Task objective: Lines before the one containing "#21886 = CARTESIAN_POINT" are to be left out; that line and every line after it, through the last line below, are to be reproduced exactly.

══ Available data ══

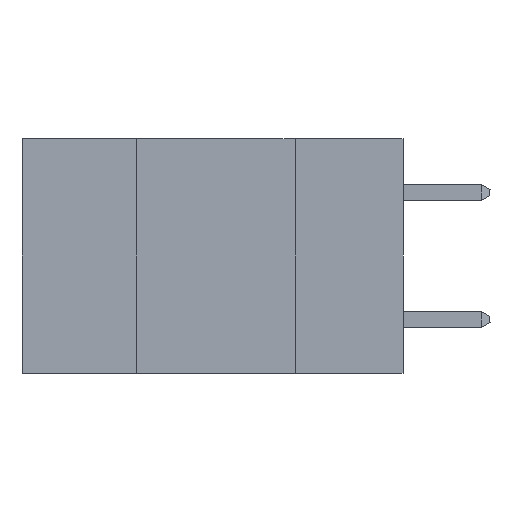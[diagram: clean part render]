
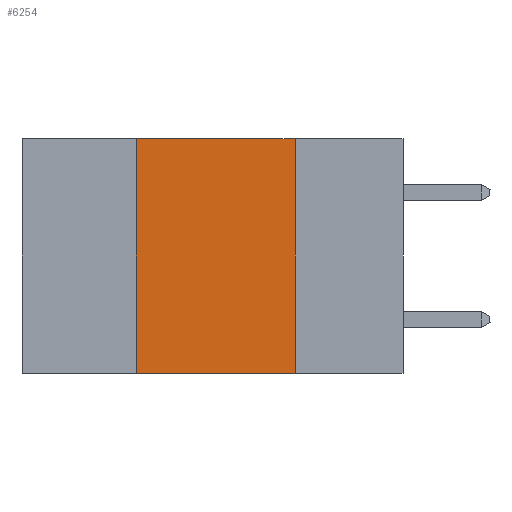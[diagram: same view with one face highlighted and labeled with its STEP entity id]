
A CAD part, left-side view. The second image highlights one B-rep face of the part: STEP entity #6254.
In plain terms, the highlighted planar face has unit normal (-1, 0, 0).
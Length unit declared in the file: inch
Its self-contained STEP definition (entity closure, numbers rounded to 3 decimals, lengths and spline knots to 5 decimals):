
#604 = VECTOR ( 'NONE', #3394, 39.37008 ) ;
#1078 = ORIENTED_EDGE ( 'NONE', *, *, #25935, .F. ) ;
#2366 = ORIENTED_EDGE ( 'NONE', *, *, #13620, .F. ) ;
#2420 = DIRECTION ( 'NONE',  ( 0., 0., 1. ) ) ;
#3126 = LINE ( 'NONE', #21886, #25649 ) ;
#3165 = AXIS2_PLACEMENT_3D ( 'NONE', #22980, #20812, #27610 ) ;
#3394 = DIRECTION ( 'NONE',  ( 0., -1., 0. ) ) ;
#5106 = CARTESIAN_POINT ( 'NONE',  ( 0., 0.6, -0.37 ) ) ;
#5848 = CARTESIAN_POINT ( 'NONE',  ( 0., 0.17, 0. ) ) ;
#6254 = ADVANCED_FACE ( 'NONE', ( #13997 ), #7086, .F. ) ;
#7086 = PLANE ( 'NONE',  #3165 ) ;
#7242 = EDGE_LOOP ( 'NONE', ( #18088, #1078, #2366, #17526 ) ) ;
#8061 = LINE ( 'NONE', #23430, #21729 ) ;
#8482 = EDGE_CURVE ( 'NONE', #25513, #20646, #10817, .T. ) ;
#9783 = CARTESIAN_POINT ( 'NONE',  ( 0., 0.6, 0. ) ) ;
#10148 = LINE ( 'NONE', #9783, #604 ) ;
#10817 = LINE ( 'NONE', #5106, #27314 ) ;
#10844 = VERTEX_POINT ( 'NONE', #24086 ) ;
#13620 = EDGE_CURVE ( 'NONE', #25513, #10844, #8061, .T. ) ;
#13997 = FACE_OUTER_BOUND ( 'NONE', #7242, .T. ) ;
#15051 = VERTEX_POINT ( 'NONE', #5848 ) ;
#17526 = ORIENTED_EDGE ( 'NONE', *, *, #8482, .T. ) ;
#18088 = ORIENTED_EDGE ( 'NONE', *, *, #27650, .F. ) ;
#19462 = DIRECTION ( 'NONE',  ( 0., 0., -1. ) ) ;
#19691 = CARTESIAN_POINT ( 'NONE',  ( 0., 0.42, -0.37 ) ) ;
#19753 = CARTESIAN_POINT ( 'NONE',  ( 0., 0.17, -0.37 ) ) ;
#20646 = VERTEX_POINT ( 'NONE', #19753 ) ;
#20812 = DIRECTION ( 'NONE',  ( 1., 0., 0. ) ) ;
#21532 = DIRECTION ( 'NONE',  ( 0., -1., 0. ) ) ;
#21729 = VECTOR ( 'NONE', #2420, 39.37008 ) ;
#21886 = CARTESIAN_POINT ( 'NONE',  ( 0., 0.17, 0. ) ) ;
#22980 = CARTESIAN_POINT ( 'NONE',  ( 0., 0.6, 0. ) ) ;
#23430 = CARTESIAN_POINT ( 'NONE',  ( 0., 0.42, 0. ) ) ;
#24086 = CARTESIAN_POINT ( 'NONE',  ( 0., 0.42, 0. ) ) ;
#25513 = VERTEX_POINT ( 'NONE', #19691 ) ;
#25649 = VECTOR ( 'NONE', #19462, 39.37008 ) ;
#25935 = EDGE_CURVE ( 'NONE', #10844, #15051, #10148, .T. ) ;
#27314 = VECTOR ( 'NONE', #21532, 39.37008 ) ;
#27610 = DIRECTION ( 'NONE',  ( 0., 0., -1. ) ) ;
#27650 = EDGE_CURVE ( 'NONE', #15051, #20646, #3126, .T. ) ;

═══

Written answer:
#21886 = CARTESIAN_POINT ( 'NONE',  ( 0., 0.17, 0. ) ) ;
#22980 = CARTESIAN_POINT ( 'NONE',  ( 0., 0.6, 0. ) ) ;
#23430 = CARTESIAN_POINT ( 'NONE',  ( 0., 0.42, 0. ) ) ;
#24086 = CARTESIAN_POINT ( 'NONE',  ( 0., 0.42, 0. ) ) ;
#25513 = VERTEX_POINT ( 'NONE', #19691 ) ;
#25649 = VECTOR ( 'NONE', #19462, 39.37008 ) ;
#25935 = EDGE_CURVE ( 'NONE', #10844, #15051, #10148, .T. ) ;
#27314 = VECTOR ( 'NONE', #21532, 39.37008 ) ;
#27610 = DIRECTION ( 'NONE',  ( 0., 0., -1. ) ) ;
#27650 = EDGE_CURVE ( 'NONE', #15051, #20646, #3126, .T. ) ;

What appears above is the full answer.